Records excerpted from a collection
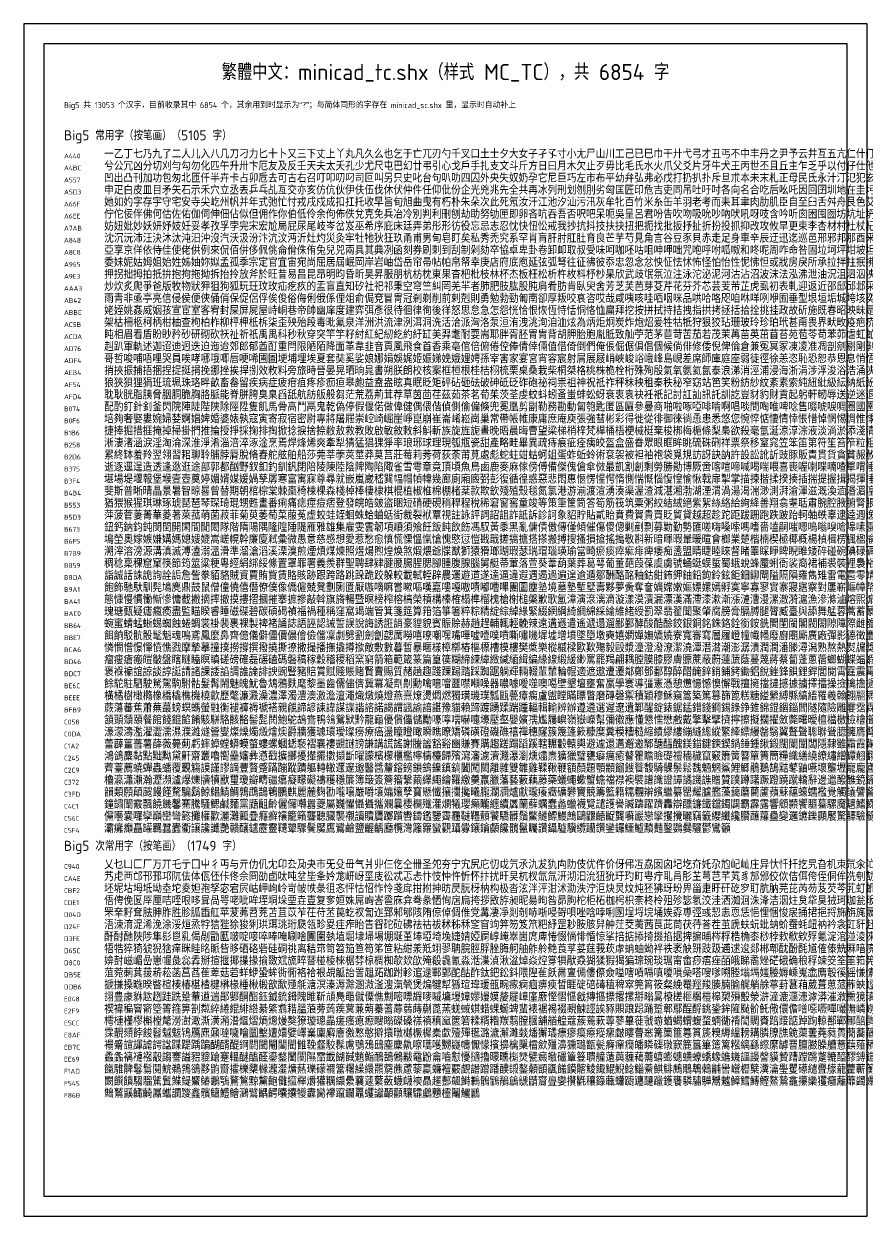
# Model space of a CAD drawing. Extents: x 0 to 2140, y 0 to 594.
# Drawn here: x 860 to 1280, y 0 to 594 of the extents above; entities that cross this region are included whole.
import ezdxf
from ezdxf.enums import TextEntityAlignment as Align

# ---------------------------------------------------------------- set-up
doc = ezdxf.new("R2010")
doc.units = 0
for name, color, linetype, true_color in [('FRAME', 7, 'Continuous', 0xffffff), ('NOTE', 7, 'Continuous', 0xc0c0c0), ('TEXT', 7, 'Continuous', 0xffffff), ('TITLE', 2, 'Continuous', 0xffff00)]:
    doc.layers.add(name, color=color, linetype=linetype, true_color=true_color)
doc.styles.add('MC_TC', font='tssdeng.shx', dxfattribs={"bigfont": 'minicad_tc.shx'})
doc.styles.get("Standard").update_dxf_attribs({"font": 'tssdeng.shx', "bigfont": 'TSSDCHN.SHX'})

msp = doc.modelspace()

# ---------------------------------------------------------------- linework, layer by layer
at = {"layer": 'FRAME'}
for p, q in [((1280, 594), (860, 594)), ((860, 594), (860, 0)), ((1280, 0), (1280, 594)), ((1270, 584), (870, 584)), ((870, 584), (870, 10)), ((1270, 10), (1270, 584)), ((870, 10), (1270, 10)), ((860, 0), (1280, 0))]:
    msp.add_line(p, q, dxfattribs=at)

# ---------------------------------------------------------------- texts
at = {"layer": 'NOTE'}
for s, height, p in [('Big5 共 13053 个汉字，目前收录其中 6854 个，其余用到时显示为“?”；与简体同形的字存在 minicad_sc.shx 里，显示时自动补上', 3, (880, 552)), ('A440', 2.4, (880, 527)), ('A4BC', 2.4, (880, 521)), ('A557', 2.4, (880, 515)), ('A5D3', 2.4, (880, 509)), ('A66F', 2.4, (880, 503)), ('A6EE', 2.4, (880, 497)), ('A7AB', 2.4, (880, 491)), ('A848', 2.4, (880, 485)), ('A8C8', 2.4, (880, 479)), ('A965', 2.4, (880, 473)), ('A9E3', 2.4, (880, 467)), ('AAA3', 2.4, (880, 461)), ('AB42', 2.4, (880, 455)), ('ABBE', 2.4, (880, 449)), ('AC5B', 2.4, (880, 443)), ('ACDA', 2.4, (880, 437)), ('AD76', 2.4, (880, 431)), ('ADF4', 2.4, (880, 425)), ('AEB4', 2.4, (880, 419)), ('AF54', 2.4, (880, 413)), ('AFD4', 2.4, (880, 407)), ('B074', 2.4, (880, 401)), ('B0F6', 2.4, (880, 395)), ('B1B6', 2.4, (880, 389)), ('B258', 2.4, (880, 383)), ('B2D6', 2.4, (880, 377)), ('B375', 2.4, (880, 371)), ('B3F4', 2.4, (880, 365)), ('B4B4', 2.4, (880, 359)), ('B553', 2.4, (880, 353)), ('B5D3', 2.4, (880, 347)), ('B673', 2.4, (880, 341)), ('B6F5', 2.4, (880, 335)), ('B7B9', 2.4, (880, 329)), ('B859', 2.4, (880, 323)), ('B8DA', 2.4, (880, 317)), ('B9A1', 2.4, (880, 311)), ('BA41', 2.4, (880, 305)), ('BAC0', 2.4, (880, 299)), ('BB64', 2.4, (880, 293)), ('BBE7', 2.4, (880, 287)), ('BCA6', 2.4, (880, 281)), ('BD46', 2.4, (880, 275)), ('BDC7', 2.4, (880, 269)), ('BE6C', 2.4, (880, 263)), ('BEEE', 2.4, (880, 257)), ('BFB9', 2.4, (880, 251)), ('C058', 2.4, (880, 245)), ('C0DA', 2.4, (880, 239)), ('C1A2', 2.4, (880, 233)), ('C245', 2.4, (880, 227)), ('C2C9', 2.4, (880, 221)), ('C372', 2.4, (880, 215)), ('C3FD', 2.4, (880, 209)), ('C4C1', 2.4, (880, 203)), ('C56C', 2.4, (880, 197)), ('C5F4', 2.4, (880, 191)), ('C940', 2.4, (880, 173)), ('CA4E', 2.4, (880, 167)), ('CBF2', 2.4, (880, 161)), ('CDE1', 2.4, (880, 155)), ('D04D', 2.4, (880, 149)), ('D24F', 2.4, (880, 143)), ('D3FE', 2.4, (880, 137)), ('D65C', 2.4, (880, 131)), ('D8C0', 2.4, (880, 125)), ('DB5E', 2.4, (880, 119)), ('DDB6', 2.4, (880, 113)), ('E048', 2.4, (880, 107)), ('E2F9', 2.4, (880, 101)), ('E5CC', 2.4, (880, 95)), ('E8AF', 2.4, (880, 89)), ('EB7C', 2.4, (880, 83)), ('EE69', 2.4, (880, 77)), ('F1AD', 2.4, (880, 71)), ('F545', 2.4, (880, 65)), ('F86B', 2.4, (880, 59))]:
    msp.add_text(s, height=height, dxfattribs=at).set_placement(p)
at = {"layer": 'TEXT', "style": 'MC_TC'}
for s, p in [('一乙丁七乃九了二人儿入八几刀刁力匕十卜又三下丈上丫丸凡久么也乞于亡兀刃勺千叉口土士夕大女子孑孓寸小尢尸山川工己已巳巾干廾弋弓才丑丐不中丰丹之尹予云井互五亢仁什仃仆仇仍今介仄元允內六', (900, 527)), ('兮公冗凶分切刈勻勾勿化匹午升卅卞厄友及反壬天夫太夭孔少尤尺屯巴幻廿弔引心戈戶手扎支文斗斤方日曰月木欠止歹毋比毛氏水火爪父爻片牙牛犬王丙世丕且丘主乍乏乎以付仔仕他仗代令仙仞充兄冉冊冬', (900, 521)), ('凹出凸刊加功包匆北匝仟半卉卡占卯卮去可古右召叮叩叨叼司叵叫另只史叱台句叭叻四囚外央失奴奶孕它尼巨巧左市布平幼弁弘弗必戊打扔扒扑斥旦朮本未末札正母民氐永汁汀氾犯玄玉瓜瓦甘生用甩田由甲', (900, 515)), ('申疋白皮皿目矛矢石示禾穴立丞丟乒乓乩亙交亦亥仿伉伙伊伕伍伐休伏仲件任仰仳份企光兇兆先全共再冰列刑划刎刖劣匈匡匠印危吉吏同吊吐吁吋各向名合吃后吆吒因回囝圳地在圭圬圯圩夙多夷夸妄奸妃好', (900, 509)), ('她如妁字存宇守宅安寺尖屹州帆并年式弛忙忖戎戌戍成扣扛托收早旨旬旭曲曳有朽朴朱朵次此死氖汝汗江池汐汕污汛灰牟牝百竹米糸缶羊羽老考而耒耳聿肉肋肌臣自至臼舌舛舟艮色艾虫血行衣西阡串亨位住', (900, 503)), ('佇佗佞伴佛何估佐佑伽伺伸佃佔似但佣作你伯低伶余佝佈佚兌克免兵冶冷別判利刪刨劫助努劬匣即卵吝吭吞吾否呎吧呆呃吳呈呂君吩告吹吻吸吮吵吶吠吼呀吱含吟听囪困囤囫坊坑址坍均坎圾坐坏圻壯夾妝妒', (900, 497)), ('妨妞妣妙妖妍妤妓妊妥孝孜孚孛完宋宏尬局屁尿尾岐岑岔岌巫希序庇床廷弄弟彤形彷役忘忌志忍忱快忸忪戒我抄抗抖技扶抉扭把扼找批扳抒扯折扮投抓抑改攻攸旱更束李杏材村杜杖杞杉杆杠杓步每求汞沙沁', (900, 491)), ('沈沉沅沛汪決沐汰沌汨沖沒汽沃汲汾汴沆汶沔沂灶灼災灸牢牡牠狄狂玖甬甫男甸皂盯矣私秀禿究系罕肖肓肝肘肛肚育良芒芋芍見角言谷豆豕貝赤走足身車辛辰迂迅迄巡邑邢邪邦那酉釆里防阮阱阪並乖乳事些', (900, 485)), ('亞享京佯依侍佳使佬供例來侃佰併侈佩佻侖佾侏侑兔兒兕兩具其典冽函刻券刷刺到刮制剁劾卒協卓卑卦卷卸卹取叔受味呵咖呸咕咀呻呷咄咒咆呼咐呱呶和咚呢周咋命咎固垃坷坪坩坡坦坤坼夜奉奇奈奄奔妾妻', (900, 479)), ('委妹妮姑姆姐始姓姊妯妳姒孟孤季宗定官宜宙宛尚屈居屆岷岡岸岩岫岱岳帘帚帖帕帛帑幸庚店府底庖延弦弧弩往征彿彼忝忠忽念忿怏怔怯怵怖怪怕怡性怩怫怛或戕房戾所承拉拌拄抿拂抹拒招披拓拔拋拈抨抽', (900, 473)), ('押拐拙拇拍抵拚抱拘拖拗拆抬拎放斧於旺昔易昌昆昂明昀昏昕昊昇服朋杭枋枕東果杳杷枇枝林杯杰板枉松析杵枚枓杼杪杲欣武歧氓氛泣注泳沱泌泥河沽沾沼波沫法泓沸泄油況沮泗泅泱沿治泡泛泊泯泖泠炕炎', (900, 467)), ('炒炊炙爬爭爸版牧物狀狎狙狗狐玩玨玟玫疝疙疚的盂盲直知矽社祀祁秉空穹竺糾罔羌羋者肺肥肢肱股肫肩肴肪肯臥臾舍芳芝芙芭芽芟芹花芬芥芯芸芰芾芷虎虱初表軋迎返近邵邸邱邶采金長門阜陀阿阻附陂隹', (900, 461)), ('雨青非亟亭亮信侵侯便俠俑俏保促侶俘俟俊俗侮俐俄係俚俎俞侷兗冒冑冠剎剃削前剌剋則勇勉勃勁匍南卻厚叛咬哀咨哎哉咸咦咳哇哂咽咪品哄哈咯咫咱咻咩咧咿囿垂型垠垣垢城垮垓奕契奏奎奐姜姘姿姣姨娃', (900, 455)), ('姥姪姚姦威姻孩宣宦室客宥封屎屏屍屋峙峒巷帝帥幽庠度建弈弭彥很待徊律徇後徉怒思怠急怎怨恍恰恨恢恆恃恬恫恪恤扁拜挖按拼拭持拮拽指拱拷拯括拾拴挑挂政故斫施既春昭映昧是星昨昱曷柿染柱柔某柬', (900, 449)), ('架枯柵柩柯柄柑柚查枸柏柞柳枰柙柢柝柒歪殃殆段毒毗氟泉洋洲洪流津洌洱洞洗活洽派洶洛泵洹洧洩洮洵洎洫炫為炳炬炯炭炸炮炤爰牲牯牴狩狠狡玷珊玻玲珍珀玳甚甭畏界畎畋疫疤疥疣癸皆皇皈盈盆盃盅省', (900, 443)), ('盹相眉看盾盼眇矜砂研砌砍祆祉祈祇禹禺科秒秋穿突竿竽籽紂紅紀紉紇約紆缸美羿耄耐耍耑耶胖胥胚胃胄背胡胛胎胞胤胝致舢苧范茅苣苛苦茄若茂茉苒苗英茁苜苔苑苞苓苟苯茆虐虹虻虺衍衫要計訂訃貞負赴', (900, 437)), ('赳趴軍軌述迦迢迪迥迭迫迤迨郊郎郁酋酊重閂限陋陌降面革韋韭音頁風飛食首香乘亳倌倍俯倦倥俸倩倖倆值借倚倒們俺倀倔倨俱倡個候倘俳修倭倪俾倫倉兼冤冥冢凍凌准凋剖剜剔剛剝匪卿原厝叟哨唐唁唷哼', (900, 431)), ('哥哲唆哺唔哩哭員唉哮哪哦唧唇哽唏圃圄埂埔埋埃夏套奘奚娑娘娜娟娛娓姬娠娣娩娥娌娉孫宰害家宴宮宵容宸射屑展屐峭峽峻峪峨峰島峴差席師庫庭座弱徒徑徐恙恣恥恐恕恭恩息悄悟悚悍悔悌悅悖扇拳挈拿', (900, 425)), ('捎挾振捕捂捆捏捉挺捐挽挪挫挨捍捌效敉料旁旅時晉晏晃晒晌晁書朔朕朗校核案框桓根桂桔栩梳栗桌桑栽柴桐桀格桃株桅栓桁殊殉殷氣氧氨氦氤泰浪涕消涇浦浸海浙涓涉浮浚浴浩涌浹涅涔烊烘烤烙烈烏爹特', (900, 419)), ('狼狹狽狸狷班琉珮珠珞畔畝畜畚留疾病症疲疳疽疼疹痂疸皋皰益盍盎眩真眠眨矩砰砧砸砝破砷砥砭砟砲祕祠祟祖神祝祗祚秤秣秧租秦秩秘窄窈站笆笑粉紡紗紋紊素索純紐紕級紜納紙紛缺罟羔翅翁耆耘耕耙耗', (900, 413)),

Exercise aim: Each line from the beginning of the entries up to and including the one containing "from ezdxf.enums import" must be restated exactly. Pictures are to be left out.

Response area:
# Model space of a CAD drawing. Extents: x 0 to 2140, y 0 to 594.
# Drawn here: x 860 to 1280, y 0 to 594 of the extents above; entities that cross this region are included whole.
import ezdxf
from ezdxf.enums import TextEntityAlignment as Align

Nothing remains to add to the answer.